Rompiendo el plácido sueño de la alborada o cuando aún es de noche, es costumbre que me levante para cumplir con la naturaleza; esta manera de proceder, casi siempre, lleva aparejado que termine en el ordenador, leyendo la prensa extrajera y cumpliendo con la correspondencia pendiente.

En mi pequeño apartamento, tengo designado un lugar donde están acomodados el ordenador con todos sus aparejos, mi pequeña biblioteca de unos ochocientos volúmenes, los recuerdos de mi vida profesional y mis imágenes más queridas; es un pequeño habitáculo que dispone de un hermoso balcón a la calle que es como decir a la vida, y utilizo de escritorio, estudio, laboratorio y oratorio. Es mi pequeño lugar de retiro, un solitario paraíso, es mi cárcel y mi libertad; es lugar de silencio y música, de lectura y meditación, es escenario de sueños y vivencias. Aquí están los más queridos de mis viejos libros que son mi lectura, el ordenador que me sitúa en el mundo actual, mi Cristo y mis recuerdos que me hablan y me exponen la proximidad de un futuro muy próximo que me llama junto a mis mayores, aunque todavía esté sin precisar. De esta manera, mi vida se sedimenta, día a día, en este lugar donde rezo, sueño y vivo.

En este pequeño refugio, las sorpresas que me transmite el balcón son algo más que lo inesperado. La otra mañana, sumido en mis pensamientos, antes de amanecer, cuando llevando un rato ante el ordenador pasó barriendo la calle con su estrepitoso ruido la barredora mecánica del Ayuntamiento y subí la persiana, me llevé una agradable sorpresa, con el alba en el cielo y las farolas luciendo, una nevada de pequeños copos de nieve, algo más que polvo níveo, se depositaba mansamente sobre Benavente, aunque vistiendo únicamente los tejados, iba dejando una sutil mantilla blanca de fiesta a modo de un leve y claro velo de armiño.

Terminé con premura el trabajo previsto y raudo, una vez aseado, vestido y abrigado, con el ánimo de sentir y oír la inigualable sensación del crujir de la nieve virgen mientras se compacta al pisarla, salí hacia la Mota. Ya en la calle, era de día, las farolas reposaban esperando el atardecer y la leve nevada había cesado, me embocé hasta las orejas en esa moderna prenda de abrigo que sustituye a la vieja bufanda que llaman braga y, sobre un suelo húmedo y sin nieve, me encaminé al arbolado paseo con la ilusión de mancillar la virginidad impoluta y fresca de la nieve.

Llegué, pero ni fui César ni vencí, porque la nieve era algo testimonial que pasó y donde había no tenía grosor para crujir. El cielo, aunque muy nublado, no dejó caer ni una gota más del líquido elemento cristalizado y, decepcionado, abandoné el paraje por la calle de Solita.

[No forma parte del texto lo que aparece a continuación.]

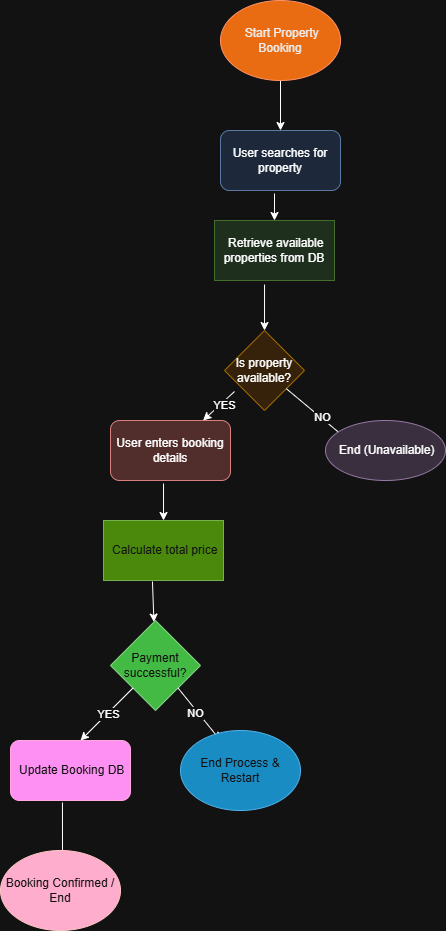

The diagram above was exported from draw.io. Its source (the exported page's mxGraphModel, read from the mxfile embedded in the PNG):
<mxGraphModel dx="872" dy="1573" grid="1" gridSize="10" guides="1" tooltips="1" connect="1" arrows="1" fold="1" page="1" pageScale="1" pageWidth="850" pageHeight="1100" math="0" shadow="0">
  <root>
    <mxCell id="0" />
    <mxCell id="1" parent="0" />
    <mxCell id="w6ZX5qLLodhVFsAhtu_1-2" value="" style="endArrow=classic;html=1;rounded=0;exitX=0.5;exitY=1;exitDx=0;exitDy=0;" edge="1" parent="1" target="w6ZX5qLLodhVFsAhtu_1-3">
      <mxGeometry width="50" height="50" relative="1" as="geometry">
        <mxPoint x="380" y="70" as="sourcePoint" />
        <mxPoint x="380" y="130" as="targetPoint" />
      </mxGeometry>
    </mxCell>
    <mxCell id="w6ZX5qLLodhVFsAhtu_1-3" value="User searches for property" style="rounded=1;whiteSpace=wrap;html=1;fillColor=#dae8fc;strokeColor=#6c8ebf;" vertex="1" parent="1">
      <mxGeometry x="320" y="120" width="120" height="60" as="geometry" />
    </mxCell>
    <mxCell id="w6ZX5qLLodhVFsAhtu_1-4" value="" style="endArrow=classic;html=1;rounded=0;exitX=0.45;exitY=1.05;exitDx=0;exitDy=0;exitPerimeter=0;" edge="1" parent="1" source="w6ZX5qLLodhVFsAhtu_1-3" target="w6ZX5qLLodhVFsAhtu_1-5">
      <mxGeometry width="50" height="50" relative="1" as="geometry">
        <mxPoint x="400" y="270" as="sourcePoint" />
        <mxPoint x="374" y="240" as="targetPoint" />
      </mxGeometry>
    </mxCell>
    <mxCell id="w6ZX5qLLodhVFsAhtu_1-5" value="&amp;nbsp;Retrieve available properties from DB" style="rounded=0;whiteSpace=wrap;html=1;fillColor=#d5e8d4;strokeColor=#82b366;" vertex="1" parent="1">
      <mxGeometry x="314" y="210" width="120" height="60" as="geometry" />
    </mxCell>
    <mxCell id="w6ZX5qLLodhVFsAhtu_1-6" value="" style="endArrow=classic;html=1;rounded=0;exitX=0.417;exitY=1.067;exitDx=0;exitDy=0;exitPerimeter=0;" edge="1" parent="1" source="w6ZX5qLLodhVFsAhtu_1-5" target="w6ZX5qLLodhVFsAhtu_1-7">
      <mxGeometry width="50" height="50" relative="1" as="geometry">
        <mxPoint x="400" y="270" as="sourcePoint" />
        <mxPoint x="364" y="330" as="targetPoint" />
      </mxGeometry>
    </mxCell>
    <mxCell id="w6ZX5qLLodhVFsAhtu_1-7" value="Is property available?" style="rhombus;whiteSpace=wrap;html=1;fillColor=#ffe6cc;strokeColor=#d79b00;" vertex="1" parent="1">
      <mxGeometry x="324" y="320" width="80" height="80" as="geometry" />
    </mxCell>
    <mxCell id="w6ZX5qLLodhVFsAhtu_1-8" value="" style="endArrow=classic;html=1;rounded=0;" edge="1" parent="1" source="w6ZX5qLLodhVFsAhtu_1-7">
      <mxGeometry width="50" height="50" relative="1" as="geometry">
        <mxPoint x="400" y="440" as="sourcePoint" />
        <mxPoint x="460" y="440" as="targetPoint" />
      </mxGeometry>
    </mxCell>
    <mxCell id="w6ZX5qLLodhVFsAhtu_1-9" value="NO" style="edgeLabel;html=1;align=center;verticalAlign=middle;resizable=0;points=[];" vertex="1" connectable="0" parent="w6ZX5qLLodhVFsAhtu_1-8">
      <mxGeometry x="-0.0714" y="1" relative="1" as="geometry">
        <mxPoint as="offset" />
      </mxGeometry>
    </mxCell>
    <mxCell id="w6ZX5qLLodhVFsAhtu_1-10" value="&amp;nbsp;End (Unavailable)" style="ellipse;whiteSpace=wrap;html=1;fillColor=#e1d5e7;strokeColor=#9673a6;" vertex="1" parent="1">
      <mxGeometry x="425" y="410" width="120" height="60" as="geometry" />
    </mxCell>
    <mxCell id="w6ZX5qLLodhVFsAhtu_1-12" value="" style="endArrow=classic;html=1;rounded=0;exitX=0.125;exitY=0.763;exitDx=0;exitDy=0;exitPerimeter=0;" edge="1" parent="1" source="w6ZX5qLLodhVFsAhtu_1-7" target="w6ZX5qLLodhVFsAhtu_1-14">
      <mxGeometry width="50" height="50" relative="1" as="geometry">
        <mxPoint x="400" y="440" as="sourcePoint" />
        <mxPoint x="290" y="440" as="targetPoint" />
      </mxGeometry>
    </mxCell>
    <mxCell id="w6ZX5qLLodhVFsAhtu_1-13" value="YES" style="edgeLabel;html=1;align=center;verticalAlign=middle;resizable=0;points=[];" vertex="1" connectable="0" parent="w6ZX5qLLodhVFsAhtu_1-12">
      <mxGeometry x="-0.2619" y="2" relative="1" as="geometry">
        <mxPoint y="1" as="offset" />
      </mxGeometry>
    </mxCell>
    <mxCell id="w6ZX5qLLodhVFsAhtu_1-14" value="User enters booking details" style="rounded=1;whiteSpace=wrap;html=1;fillColor=#f8cecc;strokeColor=#b85450;" vertex="1" parent="1">
      <mxGeometry x="210" y="410" width="120" height="60" as="geometry" />
    </mxCell>
    <mxCell id="w6ZX5qLLodhVFsAhtu_1-15" value="" style="endArrow=classic;html=1;rounded=0;exitX=0.442;exitY=1.05;exitDx=0;exitDy=0;exitPerimeter=0;" edge="1" parent="1" source="w6ZX5qLLodhVFsAhtu_1-14" target="w6ZX5qLLodhVFsAhtu_1-16">
      <mxGeometry width="50" height="50" relative="1" as="geometry">
        <mxPoint x="400" y="650" as="sourcePoint" />
        <mxPoint x="263" y="540" as="targetPoint" />
      </mxGeometry>
    </mxCell>
    <mxCell id="w6ZX5qLLodhVFsAhtu_1-16" value="&amp;nbsp;Calculate total price" style="rounded=0;whiteSpace=wrap;html=1;fillColor=#60a917;fontColor=#ffffff;strokeColor=#2D7600;" vertex="1" parent="1">
      <mxGeometry x="203" y="510" width="120" height="60" as="geometry" />
    </mxCell>
    <mxCell id="w6ZX5qLLodhVFsAhtu_1-17" value="" style="endArrow=classic;html=1;rounded=0;exitX=0.408;exitY=1.017;exitDx=0;exitDy=0;exitPerimeter=0;" edge="1" parent="1" source="w6ZX5qLLodhVFsAhtu_1-16" target="w6ZX5qLLodhVFsAhtu_1-18">
      <mxGeometry width="50" height="50" relative="1" as="geometry">
        <mxPoint x="400" y="650" as="sourcePoint" />
        <mxPoint x="252" y="630" as="targetPoint" />
      </mxGeometry>
    </mxCell>
    <mxCell id="w6ZX5qLLodhVFsAhtu_1-18" value="Payment successful?" style="rhombus;whiteSpace=wrap;html=1;fillColor=#008a00;fontColor=#ffffff;strokeColor=#005700;" vertex="1" parent="1">
      <mxGeometry x="210" y="610" width="90" height="90" as="geometry" />
    </mxCell>
    <mxCell id="w6ZX5qLLodhVFsAhtu_1-19" value="" style="endArrow=classic;html=1;rounded=0;exitX=1;exitY=1;exitDx=0;exitDy=0;" edge="1" parent="1" source="w6ZX5qLLodhVFsAhtu_1-18">
      <mxGeometry width="50" height="50" relative="1" as="geometry">
        <mxPoint x="400" y="650" as="sourcePoint" />
        <mxPoint x="320" y="730" as="targetPoint" />
      </mxGeometry>
    </mxCell>
    <mxCell id="w6ZX5qLLodhVFsAhtu_1-20" value="NO" style="edgeLabel;html=1;align=center;verticalAlign=middle;resizable=0;points=[];" vertex="1" connectable="0" parent="w6ZX5qLLodhVFsAhtu_1-19">
      <mxGeometry x="-0.1101" y="-2" relative="1" as="geometry">
        <mxPoint as="offset" />
      </mxGeometry>
    </mxCell>
    <mxCell id="w6ZX5qLLodhVFsAhtu_1-21" value="End Process &amp;amp; Restart" style="ellipse;whiteSpace=wrap;html=1;fillColor=#1ba1e2;fontColor=#ffffff;strokeColor=#006EAF;" vertex="1" parent="1">
      <mxGeometry x="280" y="720" width="120" height="80" as="geometry" />
    </mxCell>
    <mxCell id="w6ZX5qLLodhVFsAhtu_1-23" value="" style="endArrow=classic;html=1;rounded=0;" edge="1" parent="1" source="w6ZX5qLLodhVFsAhtu_1-18">
      <mxGeometry width="50" height="50" relative="1" as="geometry">
        <mxPoint x="230" y="730" as="sourcePoint" />
        <mxPoint x="180" y="730" as="targetPoint" />
      </mxGeometry>
    </mxCell>
    <mxCell id="w6ZX5qLLodhVFsAhtu_1-24" value="YES" style="edgeLabel;html=1;align=center;verticalAlign=middle;resizable=0;points=[];" vertex="1" connectable="0" parent="w6ZX5qLLodhVFsAhtu_1-23">
      <mxGeometry x="-0.0286" y="1" relative="1" as="geometry">
        <mxPoint as="offset" />
      </mxGeometry>
    </mxCell>
    <mxCell id="w6ZX5qLLodhVFsAhtu_1-25" value="&amp;nbsp;Update Booking DB" style="rounded=1;whiteSpace=wrap;html=1;fillColor=#d80073;fontColor=#ffffff;strokeColor=#A50040;" vertex="1" parent="1">
      <mxGeometry x="110" y="730" width="120" height="60" as="geometry" />
    </mxCell>
    <mxCell id="w6ZX5qLLodhVFsAhtu_1-26" value="" style="endArrow=classic;html=1;rounded=0;exitX=0.433;exitY=1.033;exitDx=0;exitDy=0;exitPerimeter=0;" edge="1" parent="1" source="w6ZX5qLLodhVFsAhtu_1-25">
      <mxGeometry width="50" height="50" relative="1" as="geometry">
        <mxPoint x="400" y="880" as="sourcePoint" />
        <mxPoint x="162" y="850" as="targetPoint" />
      </mxGeometry>
    </mxCell>
    <mxCell id="w6ZX5qLLodhVFsAhtu_1-27" value="Booking Confirmed / End" style="ellipse;whiteSpace=wrap;html=1;fillColor=#a20025;fontColor=#ffffff;strokeColor=#6F0000;" vertex="1" parent="1">
      <mxGeometry x="100" y="840" width="120" height="80" as="geometry" />
    </mxCell>
    <mxCell id="w6ZX5qLLodhVFsAhtu_1-28" value="&amp;nbsp;Start&amp;nbsp;Property Booking" style="ellipse;whiteSpace=wrap;html=1;fillColor=#fa6800;fontColor=#000000;strokeColor=#C73500;" vertex="1" parent="1">
      <mxGeometry x="320" y="-10" width="120" height="80" as="geometry" />
    </mxCell>
  </root>
</mxGraphModel>

Fue allí que un resbalón, inesperado, / en el acuoso suelo medio helado, / como vieja traición a lo soñado, / dio conmigo en el húmedo enlosado; / fue derramar el sueño del Olimpo / en risas del Parnaso; / y fui Ícaro, ensayando a volar, / caído de bruces sobre el sucio barro / y razoné el verso de Garcilaso: Mas tal estoy, que con la muerte al lado / busco de mi vivir consejo nuevo; / y conozco el mejor y el peor apruebo, / o por costumbre mala o por mi hado.

Y dolido, lamentando mi sino, / me levanté del suelo, / y levantando la vista al Cielo, / desde lo hondo, en el silencio del alma, / grité la verdad teresiana: / ¡Señor, solo tú bastas!